Smoking at work costs Taiwan $US1bn

Researchers in Taiwan are advocating a total ban on smoking at work to avoid an estimated $US1bn loss in productivity—0.36% of its total gross domestic product in 2000. Reducing smoking in the working population should be a cost effective way to raise national productivity, they believe.

The total estimate of 1032m encompassed $184m/year for excess sick days among smokers: 1.06/year—cost $178m—for men and 1.21/year—$6m—for women. Estimated costs of $81m resulted from sickness absence in non-smokers owing to effects of environmental tobacco smoke and $34m from occupational injuries. A staggering $733m was the direct result of time lost in smoking breaks: on average 72 hours/year for men and 48 hours/year for women.

How close these are to true costs is open to question, the researchers concede, as the human capital method they used to calculate lost productivity, in which value equates to wage/salary, can overestimate costs.

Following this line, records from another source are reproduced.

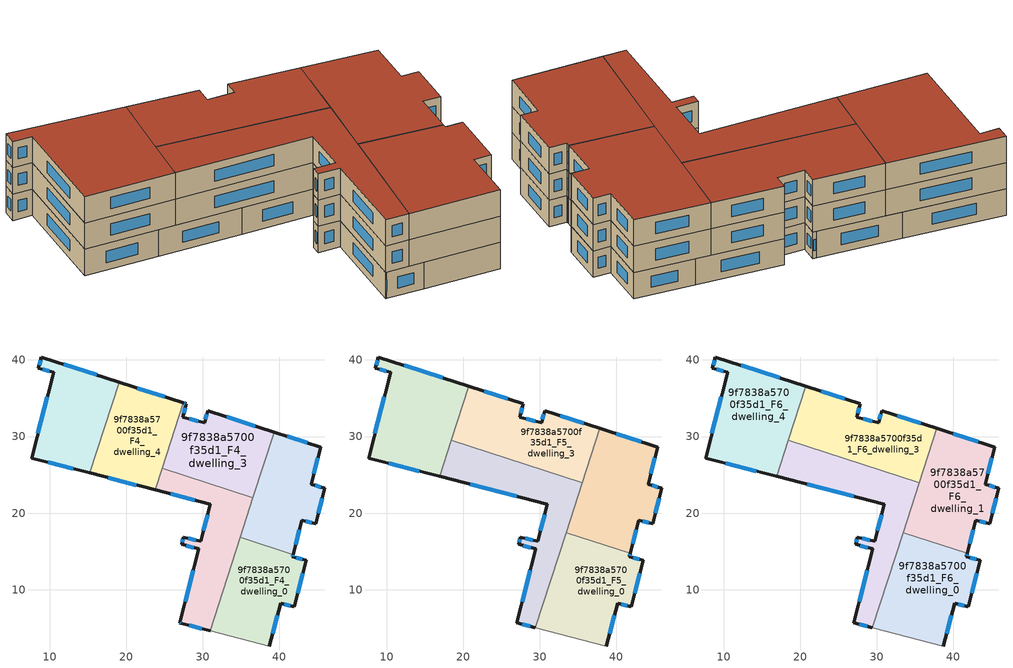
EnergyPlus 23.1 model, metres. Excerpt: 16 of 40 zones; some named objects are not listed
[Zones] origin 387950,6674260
9f7838a5700f35d1_F4_dwelling_0
 floor to 9f7838a5700f35d1_F3_dwelling_0 (EU_floor_Construction): 41.78,14.61 41.71,14.33 43.51,13.87 41.95,7.81 40.15,8.27 38.71,2.67 30.95,4.67 34.88,16.83 z12
 wall outside (EU_wall_Construction): 38.71,2.67 40.15,8.27 41.95,7.81 43.51,13.87 41.71,14.33 41.78,14.61 z12:15
 wall adiabatic (EU_wall_Construction): 30.95,4.67 38.71,2.67 z12:15
 wall to 9f7838a5700f35d1_F4_dwelling_1 (EU_wall_Construction): 41.78,14.61 34.88,16.83 z12:15
 wall to 9f7838a5700f35d1_F4_dwelling_2 (EU_wall_Construction): 34.88,16.83 30.95,4.67 z12:15
 window (EU_Window_Construction): 42.4,9.54 43.07,12.14 / 40.66,8.14 41.44,7.94 / 39.12,4.27 39.74,6.67 / 41.73,14.41 41.76,14.53 / 43,14 42.22,14.2 z12.86:14.14
9f7838a5700f35d1_F4_dwelling_1
 floor to 9f7838a5700f35d1_F3_dwelling_1 (EU_floor_Construction): 45.4,28.61 44.14,23.75 45.94,23.28 44.74,18.64 42.94,19.09 41.78,14.61 34.88,16.83 39.32,30.57 z12
 wall outside (EU_wall_Construction): 41.78,14.61 42.94,19.09 44.74,18.64 45.94,23.28 44.14,23.75 45.4,28.61 39.32,30.57 z12:15
 wall to 9f7838a5700f35d1_F4_dwelling_3 (EU_wall_Construction): 39.32,30.57 36.55,22 z12:15
 wall to 9f7838a5700f35d1_F4_dwelling_2 (EU_wall_Construction): 36.55,22 34.88,16.83 z12:15
 window (EU_Window_Construction): 43.46,18.96 44.23,18.77 / 42.11,15.89 42.61,17.81 / 43.66,29.17 41.05,30.01 / 44.5,25.14 45.04,27.22 / 45.43,23.42 44.66,23.61 / 45.09,19.96 45.6,21.95 z12.86:14.14
9f7838a5700f35d1_F4_dwelling_2
 floor to 9f7838a5700f35d1_F3_dwelling_2 (EU_floor_Construction): 36.55,22 30.95,4.67 27.14,5.65 26.99,5.69 29.48,15.34 27.23,15.92 27.48,16.88 29.73,16.32 30.99,21.19 23.78,23.04 24.68,25.83 z12
 wall outside (EU_wall_Construction): 23.78,23.04 30.99,21.19 29.73,16.32 27.48,16.88 27.23,15.92 29.48,15.34 26.99,5.69 27.14,5.65 30.95,4.67 z12:15
 wall to 9f7838a5700f35d1_F4_dwelling_3 (EU_wall_Construction): 36.55,22 24.68,25.83 z12:15
 wall to 9f7838a5700f35d1_F4_dwelling_4 (EU_wall_Construction): 24.68,25.83 23.78,23.04 z12:15
 window (EU_Window_Construction): 28.77,12.58 27.7,8.44 / 27.88,15.75 28.84,15.5 / 27.41,16.61 27.3,16.19 / 29.09,16.48 28.12,16.72 / 30.63,19.79 30.09,17.71 / 25.84,22.51 28.93,21.72 / 28.23,5.37 29.86,4.95 / 27.03,5.68 27.1,5.66 z12.86:14.14
9f7838a5700f35d1_F4_dwelling_3
 floor to 9f7838a5700f35d1_F3_dwelling_3 (EU_floor_Construction): 39.32,30.57 36.55,22 24.68,25.83 27.45,34.41 27.85,34.28 27.4,32.54 30.24,31.82 30.64,33.38 z12
 wall outside (EU_wall_Construction): 39.32,30.57 30.64,33.38 30.24,31.82 27.4,32.54 27.85,34.28 27.45,34.41 z12:15
 wall to 9f7838a5700f35d1_F4_dwelling_4 (EU_wall_Construction): 27.45,34.41 24.68,25.84 z12:15
 window (EU_Window_Construction): 27.53,33.04 27.72,33.78 / 29.43,32.03 28.21,32.34 / 30.52,32.93 30.35,32.27 / 36.84,31.37 33.12,32.57 / 27.74,34.31 27.56,34.37 z12.86:14.14
9f7838a5700f35d1_F4_dwelling_4
 floor to 9f7838a5700f35d1_F3_dwelling_4 (EU_floor_Construction): 27.45,34.41 23.78,23.04 15.24,25.25 19.08,37.11 z12
 wall outside (EU_wall_Construction): 15.24,25.25 23.78,23.04 / 27.45,34.41 19.08,37.11 z12:15
 wall to 9f7838a5700f35d1_F4_dwelling_5 (EU_wall_Construction): 19.08,37.11 15.24,25.25 z12:15
 window (EU_Window_Construction): 17.68,24.62 21.34,23.67 / 25.06,35.18 21.47,36.34 z12.86:14.14
9f7838a5700f35d1_F4_dwelling_5
 floor to 9f7838a5700f35d1_F3_dwelling_5 (EU_floor_Construction): 19.08,37.11 15.24,25.25 7.66,27.2 10.55,38.41 8.56,38.92 8.94,40.38 z12
 wall outside (EU_wall_Construction): 19.08,37.11 8.94,40.38 8.56,38.92 10.55,38.41 7.66,27.2 15.24,25.25 z12:15
 window (EU_Window_Construction): 8.83,39.97 8.67,39.34 / 16.18,38.04 11.83,39.45 / 9.83,26.64 13.08,25.8 / 9.72,35.21 8.48,30.4 / 9.13,38.77 9.98,38.55 z12.86:14.14
9f7838a5700f35d1_F5_dwelling_0
 floor to 9f7838a5700f35d1_F4_dwelling_0 (EU_floor_Construction): 41.78,14.61 41.71,14.33 43.51,13.87 41.95,7.81 40.15,8.27 38.71,2.67 30.95,4.67 34.88,16.83 z15
 floor to 9f7838a5700f35d1_F4_dwelling_2 (EU_floor_Construction): 34.93,16.97 30.95,4.67 29.42,5.06 33.43,17.46 z15
 floor to 9f7838a5700f35d1_F4_dwelling_1 (EU_floor_Construction): 40.92,15.03 41.81,14.74 41.78,14.61 34.88,16.83 34.93,16.97 z15
 wall outside (EU_wall_Construction): 38.71,2.67 40.15,8.27 41.95,7.81 43.51,13.87 41.71,14.33 41.82,14.75 z15:18
 wall adiabatic (EU_wall_Construction): 29.42,5.06 38.71,2.67 z15:18
 wall to 9f7838a5700f35d1_F5_dwelling_1 (EU_wall_Construction): 41.82,14.75 33.43,17.46 z15:18
 wall to 9f7838a5700f35d1_F5_dwelling_2 (EU_wall_Construction): 33.43,17.46 29.42,5.06 z15:18
 window (EU_Window_Construction): 42.4,9.54 43.07,12.14 / 40.66,8.14 41.44,7.94 / 39.12,4.27 39.74,6.67 / 41.74,14.45 41.79,14.63 / 43,14 42.22,14.2 z15.86:17.14
9f7838a5700f35d1_F5_dwelling_1
 floor to 9f7838a5700f35d1_F4_dwelling_1 (EU_floor_Construction): 45.4,28.61 44.14,23.75 45.94,23.28 44.74,18.64 42.94,19.09 41.82,14.75 34.93,16.97 39.32,30.57 z15
 floor to 9f7838a5700f35d1_F4_dwelling_3 (EU_floor_Construction): 39.32,30.57 36.55,22 35.05,22.49 37.82,31.06 z15
 floor to 9f7838a5700f35d1_F4_dwelling_2 (EU_floor_Construction): 36.55,22 34.93,16.97 33.43,17.46 35.05,22.49 z15
 wall outside (EU_wall_Construction): 41.82,14.75 42.94,19.09 44.74,18.64 45.94,23.28 44.14,23.75 45.4,28.61 37.82,31.06 z15:18
 wall to 9f7838a5700f35d1_F5_dwelling_3 (EU_wall_Construction): 37.82,31.06 35.53,23.97 z15:18
 wall to 9f7838a5700f35d1_F5_dwelling_2 (EU_wall_Construction): 35.53,23.97 33.43,17.46 z15:18
 window (EU_Window_Construction): 43.46,18.96 44.23,18.77 / 42.14,15.99 42.62,17.85 / 43.23,29.31 39.98,30.36 / 44.5,25.14 45.04,27.22 / 45.43,23.42 44.66,23.61 / 45.09,19.96 45.6,21.95 z15.86:17.14
9f7838a5700f35d1_F5_dwelling_2
 floor to 9f7838a5700f35d1_F4_dwelling_2 (EU_floor_Construction): 35.05,22.49 29.42,5.06 26.99,5.69 29.48,15.34 27.23,15.92 27.48,16.88 29.73,16.32 30.99,21.19 23.78,23.04 24.68,25.83 z15
 floor to 9f7838a5700f35d1_F4_dwelling_3 (EU_floor_Construction): 35.53,23.97 35.05,22.49 24.68,25.83 25.16,27.32 z15
 floor to 9f7838a5700f35d1_F4_dwelling_4 (EU_floor_Construction): 25.16,27.32 25.12,27.19 23.78,23.04 16.92,24.81 18.43,29.49 z15
 wall outside (EU_wall_Construction): 16.92,24.81 30.99,21.19 29.73,16.32 27.48,16.88 27.23,15.92 29.48,15.34 26.99,5.69 29.42,5.06 z15:18
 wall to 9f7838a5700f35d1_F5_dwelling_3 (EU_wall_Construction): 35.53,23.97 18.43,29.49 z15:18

The calculations rely on data from previous studies, but the contribution of potential confounders cannot be assessed. A possible candidate could be an effect of drug and alcohol use in greater sickness absence among smokers, the researchers say, and education, socioeconomic state, diet, and occupational factors may operate.

Nevertheless, smoking probably has a big impact on productivity, given that two million of Taiwan’s four million smokers are in the working population, and it is surprising that more financial costings have not been published. Smoking bans exist in public places in Taiwan, but companies operate their own smoking policies.